Work to be completed ▸ Only the lines below from the one containing "# Drawn here: x" to the one containing "doc.linetypes.add('DOTTED', pattern=[1.5, 0.3, -1.2])" should be repeated, both included and unchanged.

Dataset items:
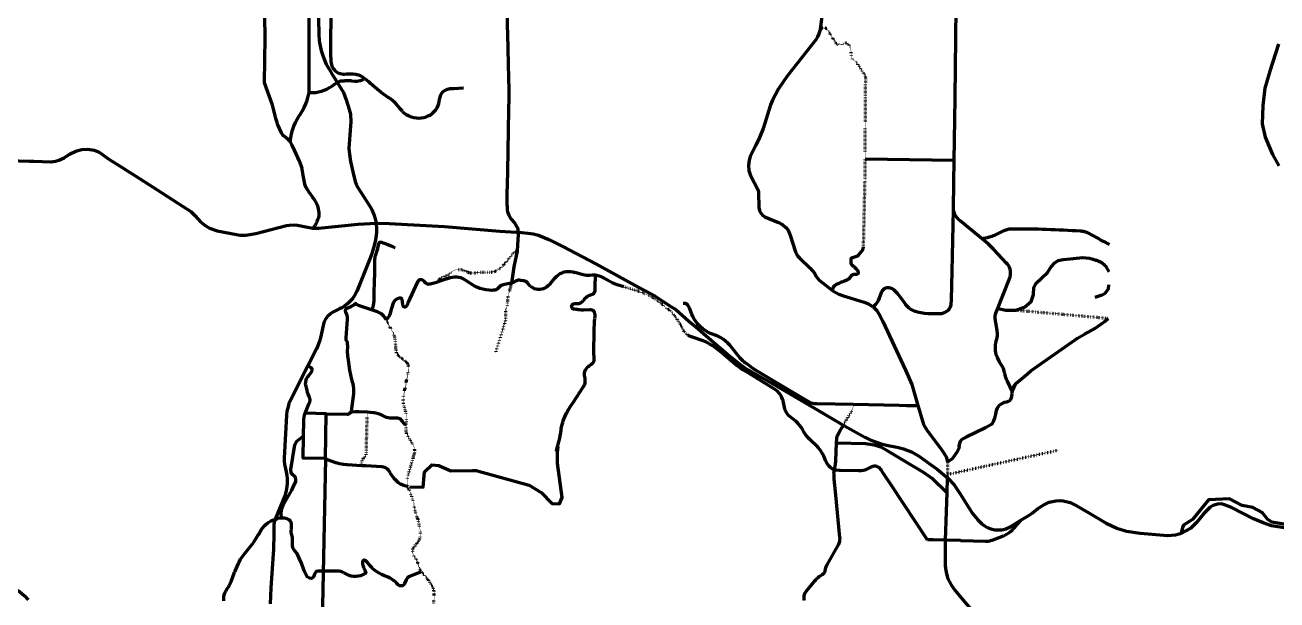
# Model space of a CAD drawing. Header units: feet. Extents: x -383819 to -15998, y -152022 to 104900.
# Drawn here: x -312136 to -237526, y 9003 to 43276 of the extents above; entities that cross this region are included whole.
import ezdxf

# ---------------------------------------------------------------- set-up
doc = ezdxf.new("R2010")
doc.units = ezdxf.units.FT
doc.linetypes.add('DOTTED', pattern=[1.5, 0.3, -1.2])
for name, color, linetype, lineweight in [('41', 7, 'DOTTED', 200), ('42', 7, 'DOTTED', 200), ('43', 7, 'DOTTED', 200), ('57', 7, 'Continuous', 200), ('58', 7, 'Continuous', 200), ('59', 7, 'Continuous', 200), ('60', 7, 'Continuous', 200)]:
    doc.layers.add(name, color=color, linetype=linetype, lineweight=lineweight)

msp = doc.modelspace()

# ---------------------------------------------------------------- linework, layer by layer
at = {"layer": '41'}
for points in [[(-289417.36, 19436.97), (-289400.3, 19802.99), (-289403.81, 19954.53), (-289423, 20115.31), (-289457.96, 20273.42), (-289545.92, 20577.38), (-289583.74, 20752.1), (-289593, 20886.86), (-289588.24, 21038.04), (-289567.54, 21187.87), (-289323.88, 22480.45), (-289319.21, 22505.94), (-289287.4, 22729.06), (-289273.57, 22845.45), (-289271.19, 22865.45), (-289272.23, 22885.45), (-289275.29, 22944.36), (-289295.07, 23023.48), (-289329.87, 23097.23), (-289378.38, 23162.79), (-289418.73, 23199.46), (-289438.77, 23217.68), (-289458.73, 23232.41), (-289784.31, 23472.76), (-289809.97, 23491.78), (-289878.96, 23556.23), (-289936.1, 23631.38), (-289979.76, 23715.09), (-290008.68, 23804.96), (-290022.04, 23898.42), (-290067.48, 24471.8), (-290069.07, 24491.82), (-290072.04, 24511.8), (-290087.64, 24616.61), (-290123.15, 24752.09), (-290173.86, 24882.65), (-290631.96, 25734.83)], [(-289318.94, 15764.84), (-289323.76, 15784.02), (-289348.06, 15884.95), (-289363.43, 16015.19), (-289362.83, 16146.33), (-289346.29, 16276.43), (-289314.04, 16403.55), (-289010.18, 17430.08), (-288916.34, 17799.22), (-288907.9, 17856.64), (-288907.94, 17926.49), (-288907.95, 17946.54), (-288912.35, 17966.49), (-288933.38, 18061.77), (-288974.14, 18172.56), (-288996.57, 18217.61), (-289006.5, 18237.54), (-289018.01, 18257.61), (-289336.96, 18813.96), (-289382.26, 18900.82), (-289413.43, 18994.84), (-289429.08, 19092.65), (-289428.8, 19191.69), (-289417.36, 19436.97)], [(-257156.17, 17240.56), (-257161.91, 16889.33), (-257176.21, 16267.29), (-257182.8, 16402.31)], [(-288923.07, 14506), (-288929.52, 14540.46), (-288937.97, 14593.12), (-288993.04, 14876.62), (-289057.62, 15093.67), (-289137.35, 15305.62), (-289158.3, 15354.7), (-289268.11, 15623.76), (-289311.43, 15744.02), (-289318.94, 15764.84)], [(-288516.43, 10687.29), (-288588.25, 10803.94), (-288649, 10933.04), (-288694.92, 11068.13), (-288721.05, 11187.51), (-288725.47, 11207.69), (-288730.06, 11227.51), (-288738.36, 11263.35), (-288772.8, 11356.24), (-288821.71, 11442.38), (-288883.83, 11519.55), (-288922.01, 11562.57), (-288972.47, 11638.99), (-288998.68, 11695.05), (-289024.96, 11782.77), (-289035.6, 11873.72), (-289030.27, 11965.14), (-289009.15, 12054.24), (-288981.49, 12118.31), (-288972.85, 12138.34), (-288957.76, 12158.31), (-288900.77, 12233.74), (-288823.98, 12315.63), (-288805.29, 12335.56), (-288789.14, 12355.63), (-288709.74, 12463.15), (-288638.4, 12586.6), (-288601.85, 12678.28), (-288572.9, 12790.73), (-288559.67, 12906.08), (-288562.39, 13022.17), (-288581.03, 13136.77), (-288621.26, 13339.83), (-288655.17, 13586.41), (-288657.68, 13601.51), (-288688.46, 13732.21), (-288727.24, 13838.32), (-288734.5, 13858.19), (-288742.41, 13878.32), (-288808.72, 14046.95), (-288837.19, 14133.8), (-288891.15, 14335.36), (-288923.07, 14506)], [(-287775.81, 8798.39), (-287767.73, 8919.24), (-287753.73, 9310.03), (-287753.01, 9330.02), (-287752.68, 9350.03), (-287751.78, 9447.34), (-287766.68, 9561.56), (-287797.24, 9672.62), (-287842.88, 9778.38), (-287902.71, 9876.8), (-288044.95, 10096.15), (-288143.09, 10256.28), (-288146.58, 10261.46), (-288229.17, 10369.3), (-288323.87, 10466.7), (-288325.57, 10468.24), (-288425.52, 10570.07), (-288513.45, 10682.44), (-288516.43, 10687.29)]]:
    msp.add_lwpolyline(points, dxfattribs=at)
at = {"layer": '42'}
for p, q in [((-253081.66, 26283.28), (-247558.05, 25795.06)), ((-257179.79, 16482.82), (-250540.44, 17942.67))]:
    msp.add_line(p, q, dxfattribs=at)
for points in [[(-262166.02, 30047.09), (-262165.03, 30067.55), (-262164.07, 30087.57), (-262163.62, 30107.55), (-262076.1, 34020.84), (-262077.98, 34040.84), (-262075.53, 34060.84), (-262048.48, 39014.65), (-262039.02, 39745.67)], [(-283171.34, 27824.32), (-283378.66, 26998.2), (-283408.21, 26507.93), (-283467.3, 26335.47), (-283506.7, 26207.36), (-283496.85, 25778.67), (-283473.13, 25760.38), (-284103.02, 23747.98)], [(-272635.92, 24789.77), (-272713.58, 24845.68), (-272792.4, 24922.06), (-272859.29, 25009.08), (-272912.83, 25104.89), (-273034.09, 25347.09), (-273238.05, 25691.29), (-273312.33, 25801.09), (-273441.52, 25968.84), (-273583, 26126.37), (-273715.97, 26253.62), (-273735.91, 26272.7), (-273755.97, 26288.72), (-274332.7, 26749.38), (-274352.84, 26765.46), (-274372.7, 26779.89), (-274511.19, 26880.49), (-274723.72, 27019.48), (-274743.77, 27032.59), (-274763.72, 27043.54), (-274878.65, 27106.6), (-275121.42, 27225.5), (-275370.8, 27329.83), (-275605.92, 27412.22), (-275625.79, 27419.18), (-275645.92, 27425.15), (-276441.07, 27660.86)], [(-263370.92, 19420.07), (-262879.16, 20244.85), (-262741.19, 20645.2)]]:
    msp.add_lwpolyline(points, dxfattribs=at)
at = {"layer": '43'}
for points in [[(-262973.74, 41996.97), (-263020.26, 42072.19), (-263079.55, 42137.81), (-263120.91, 42172), (-263148.3, 42186.29), (-263207.17, 42203.55), (-263268.49, 42205.07), (-263328.14, 42190.75), (-263382.08, 42161.55), (-263421.2, 42134.17), (-263485.44, 42105.48), (-263554.48, 42092), (-263624.79, 42094.41), (-263692.75, 42112.6), (-263754.87, 42145.63), (-263807.95, 42191.8), (-263849.26, 42248.74), (-264131.98, 42717.81), (-264143.97, 42737.7), (-264157.56, 42757.81), (-264298.64, 42966.49), (-264312.2, 42986.54), (-264326.71, 43006.49), (-264330.44, 43011.61), (-264376.89, 43055.39), (-264432.75, 43086.29), (-264494.51, 43102.4), (-264558.34, 43102.7), (-264620.26, 43087.18), (-264676.4, 43056.8), (-264723.27, 43013.47), (-264745, 42979.87), (-264756.73, 42961.74)], [(-262039.02, 39745.67), (-262034, 40133.78), (-262034.08, 40152.61), (-262046.2, 40215.16), (-262064.11, 40253), (-262073.61, 40272.96), (-262085.48, 40293), (-262091.88, 40303.8), (-262533.72, 40977.02), (-262598.92, 41058.04), (-262675.76, 41128.12), (-262711.56, 41153.26), (-262731.64, 41167.35), (-262751.56, 41183.99), (-262786.14, 41212.86), (-262805.29, 41231.77), (-262846.91, 41288.32), (-262874.69, 41352.8), (-262887.2, 41421.89), (-262904.52, 41641.19), (-262924.58, 41827.81), (-262941.49, 41914.62), (-262973.74, 41996.97)], [(-287544.82, 27974.64), (-287534.87, 27995.21), (-287523.85, 28017.98), (-287473.19, 28094.95), (-287410, 28162.01), (-287336.18, 28217.15), (-287253.94, 28258.72), (-287165.77, 28285.46), (-287075.5, 28313.88), (-286974.81, 28347.27), (-286908.48, 28375.66), (-286850.01, 28417.93), (-286817.09, 28452.51), (-286802.21, 28473.89), (-286741.52, 28543.13), (-286669.78, 28600.84), (-286589.15, 28645.29), (-286484.69, 28682.47), (-286374.38, 28704.94), (-286262, 28711.57), (-286149.81, 28702.22), (-286040.07, 28677.08), (-285955, 28644.35), (-285935.27, 28636.76), (-285915, 28628.22), (-285863.74, 28606.61), (-285761.46, 28554.8), (-285652.96, 28517.71), (-285540.36, 28496.07), (-285425.85, 28490.29), (-285339.14, 28496.57), (-285307.09, 28503.07), (-285105.09, 28534.59), (-284901.24, 28550.22), (-284716.79, 28549.9), (-284696.89, 28549.87), (-284676.79, 28547.83), (-284650.56, 28545.16), (-284516.63, 28535.36), (-284382.49, 28541.55), (-284250.03, 28563.63), (-284121.13, 28601.29), (-284091.83, 28612.25), (-283969.83, 28668.37), (-283957.47, 28675.07), (-283806.08, 28794.28), (-283665.1, 28925.64), (-283543.84, 29058.29), (-283331.51, 29305.94), (-283138.18, 29561.43), (-283078.04, 29643.75), (-283005.78, 29715.67), (-282923.17, 29775.42), (-282853.92, 29810.65), (-282833.21, 29821.19)], [(-292087.3, 17006.31), (-292086.29, 17023.13), (-292078.6, 17151.45), (-292067.03, 17238.56), (-292039.89, 17322.14), (-291998.07, 17399.43), (-291942.96, 17467.87), (-291917.51, 17492.32), (-291862.38, 17563.41), (-291820.68, 17643.12), (-291793.73, 17728.94), (-291782.38, 17818.18), (-291782.4, 17856.89), (-291779.07, 18576.51), (-291736.3, 20174.09), (-291735.76, 20194.08)]]:
    msp.add_lwpolyline(points, dxfattribs=at)
at = {"layer": '57'}
for points in [[(-294655.24, 43685.37), (-294636.37, 42673.99), (-294614.81, 42401.6), (-294582.46, 42212.81), (-294490.82, 41762.4), (-294377.61, 41398.3), (-294180.85, 40937.11), (-294008.35, 40643.13), (-293833.15, 40330.27), (-293771.16, 40241.27), (-293163.36, 39246.08), (-293001.64, 38822.64), (-292815.65, 38231.99), (-292748.27, 37967.68), (-292729.4, 37506.5), (-292777.92, 36729.76), (-292826.44, 36168.77), (-292831.83, 35931.44), (-292804.87, 35575.44), (-292737.49, 35146.61), (-292581.16, 34439.99), (-292465.26, 33957.22), (-292411.35, 33798.09), (-292308.93, 33598.51), (-291587.92, 32481.27), (-291474.72, 32281.69), (-291345.34, 31985.02), (-291253.7, 31668.8), (-291207.88, 31420.68), (-291180.92, 31150.97), (-291183.62, 30900.15), (-291221.35, 30576.5), (-291269.87, 30376.92), (-291369.6, 29987.88), (-291482.8, 29599.51), (-291577.14, 29378.35), (-292207.86, 27789.14), (-292361.49, 27419.64), (-292458.52, 27220.06), (-292622.94, 26953.06), (-292872.26, 26695.49), (-293098.67, 26520.19), (-293252.3, 26423.09), (-293400.55, 26352.97), (-293675.48, 26226.21), (-293839.89, 26139.91), (-293934.23, 26067.09), (-294112.13, 25899.87), (-294228.03, 25743.44), (-294300.8, 25605.89), (-294370.88, 25373.28), (-294529.91, 24623.51), (-294586.51, 24421.23), (-294661.98, 24221.65), (-294769.79, 23978.92), (-295288.65, 22966.86), (-296341.86, 20878.69), (-296409.24, 20719.57), (-296463.15, 20519.99), (-296525.14, 20257.71), (-296554.79, 20025.76), (-296694.95, 17455.5), (-296686.86, 17228.95), (-296659.91, 17002.4), (-296570.96, 16635.6), (-296530.53, 16419.18), (-296508.97, 16227.69), (-296511.67, 15920.22), (-296549.4, 15628.94), (-296589.83, 15429.36), (-296654.52, 15210.9), (-297217.17, 13853.63), (-297289.95, 13648.66), (-297314.21, 13467.95), (-297316.9, 13267.71), (-297306.12, 12755.27), (-297327.68, 12218.56), (-297333.08, 12021.68), (-297481.32, 9717.75), (-297519.06, 8765.7)], [(-327570.93, 36751.19), (-327560.63, 36755.75), (-327389.91, 36851.7), (-326952.57, 37106.78), (-326758.45, 37188.69), (-326557.33, 37247.19), (-326358.53, 37275.27), (-326134.02, 37251.87), (-325965.63, 37202.73), (-325715.08, 37059.6), (-325552.85, 36865.74), (-325461.64, 36727.67), (-325143.57, 36091.15), (-325032.48, 35909.78), (-324896.84, 35757.67), (-324775.22, 35657.05), (-324567.08, 35549.4), (-324436.11, 35514.3), (-324314.5, 35493.23), (-322947.52, 35476.85), (-319213.76, 35399.63), (-311864.35, 35165.61), (-311635.16, 35156.25)], [(-311618.96, 35162.64), (-310599.24, 35116.53), (-310318.92, 35165.08), (-310114.08, 35213.62), (-309812.2, 35359.26), (-309483.36, 35580.42), (-309116.79, 35763.82), (-308911.94, 35817.76), (-308744.83, 35860.91), (-308394.43, 35877.09), (-308011.69, 35812.37), (-307715.2, 35693.7), (-307133, 35289.14), (-306351.35, 34787.49), (-305315, 34125.37), (-304263.8, 33445.71), (-302759.79, 32485.57), (-302261.16, 32164.61), (-302002.4, 31905.7), (-301673.57, 31538.9), (-301404.03, 31323.14), (-301145.28, 31172.11), (-300692.46, 31015.68), (-299533.45, 30794.52), (-299323.23, 30756.77), (-299193.83, 30745.97), (-298983.61, 30745.98), (-298387.93, 30856.56), (-296551.72, 31333.93), (-296383.93, 31355.5), (-296088.12, 31360.9), (-295894.06, 31344.72), (-295704.7, 31306.96), (-295408.21, 31242.23), (-294982.34, 31172.11), (-294793, 31164.02), (-294621.16, 31166.71), (-292282.28, 31404.05), (-291218.96, 31474.18), (-290427.88, 31452.6), (-287141.56, 31263.81), (-283847.84, 30986.01), (-282555.41, 30902.41), (-282161.89, 30872.74), (-281857.32, 30826.89), (-281527.81, 30740.58), (-280921.36, 30500.55), (-280077.71, 30077.11), (-278119.53, 29032.02), (-275550.18, 27639.01), (-274577.17, 27104.33), (-274102.78, 26799.56), (-273649.96, 26505.59), (-273356.17, 26311.4), (-272569.12, 25629.05), (-272161.45, 25286.54), (-271239.64, 24482.82), (-270137.24, 23536.16), (-269465.42, 22998.79), (-269255.19, 22869.33), (-267670.31, 21938.85), (-264551.78, 20109.6), (-263470.28, 19477.83), (-262087.56, 18701.08), (-261721, 18524.43), (-261392.16, 18400.37), (-261119.93, 18314.06), (-260877.35, 18257.43), (-260591.64, 18195.39), (-260268.19, 18141.45), (-260079.52, 18095.6), (-259780.33, 18006.6), (-259273.6, 17804.32), (-258828.87, 17561.59), (-258171.21, 17088.27), (-257772.3, 16794.29), (-257160.45, 16279.16), (-256765.58, 15860.45), (-256401.71, 15334.53), (-255916.54, 14541.6), (-255671.94, 14166.05), (-255459.69, 13907.13), (-255353.89, 13783.07), (-255114.68, 13545.73), (-254950.26, 13424.36), (-254785.84, 13327.27), (-254570.21, 13238.27), (-254341.11, 13189.72), (-254114.7, 13176.24), (-253926.02, 13187.02), (-253690.18, 13238.27), (-253417.95, 13365.03), (-252784.54, 13761.49), (-252347.89, 14015.01), (-252121.48, 14168.74), (-251768.39, 14449.24), (-251423.38, 14681.18), (-251099.27, 14830.86), (-250907.9, 14882.1), (-250697.66, 14914.47), (-250452.43, 14923.05)], [(-250452.43, 14923.05), (-250268.95, 14919.22), (-249848.62, 14806.59), (-249492.83, 14636.67), (-248735.44, 14188.97), (-247713.23, 13577.42)], [(-235198.29, 13014.64), (-237849.99, 13429.97), (-238357.81, 13605.24), (-238928.48, 13835.89), (-240225.89, 14514.07), (-240656.3, 14667.53), (-240859.13, 14726.93), (-241066.62, 14714.25), (-241334.07, 14627.93), (-241502.27, 14533.87), (-241888.15, 14162.61), (-242313.62, 13623.03), (-242664.87, 13291.36), (-243298.11, 12944.85), (-243565.26, 12865.64), (-244033.69, 12820.31), (-245670.3, 12959.7), (-246489.2, 13084.78), (-247065.42, 13261.66), (-247709.41, 13551.85)]]:
    msp.add_lwpolyline(points, dxfattribs=at)
at = {"layer": '58'}
for p, q in [((-292677.16, 39941.54), (-293098.5, 39949.74)), ((-283322.33, 37178.24), (-283301.24, 38056.29))]:
    msp.add_line(p, q, dxfattribs=at)
for points in [[(-283351.78, 42193.26), (-283361.32, 42383.61), (-283395.3, 44836.88)], [(-283301.24, 38056.29), (-283294.35, 38343.33), (-283292.25, 38794.08), (-283289.01, 39064.26), (-283279.74, 39469.57), (-283300.19, 40085.13), (-283336.4, 41830.01), (-283336.81, 41850.01), (-283335.59, 41870.01), (-283351.78, 42193.26)], [(-295209.75, 39254.4), (-295158.75, 39250.12), (-294985.06, 39245.92), (-294811.73, 39257.71), (-294640.21, 39285.38), (-294471.96, 39328.71), (-294308.41, 39387.32), (-294150.95, 39460.73), (-294000.9, 39548.3), (-293821.16, 39660)], [(-293821.16, 39660), (-293713.24, 39727.08), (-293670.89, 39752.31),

Task output ▸
# Drawn here: x -312136 to -237526, y 9003 to 43276 of the extents above; entities that cross this region are included whole.
import ezdxf

# ---------------------------------------------------------------- set-up
doc = ezdxf.new("R2010")
doc.units = ezdxf.units.FT
doc.linetypes.add('DOTTED', pattern=[1.5, 0.3, -1.2])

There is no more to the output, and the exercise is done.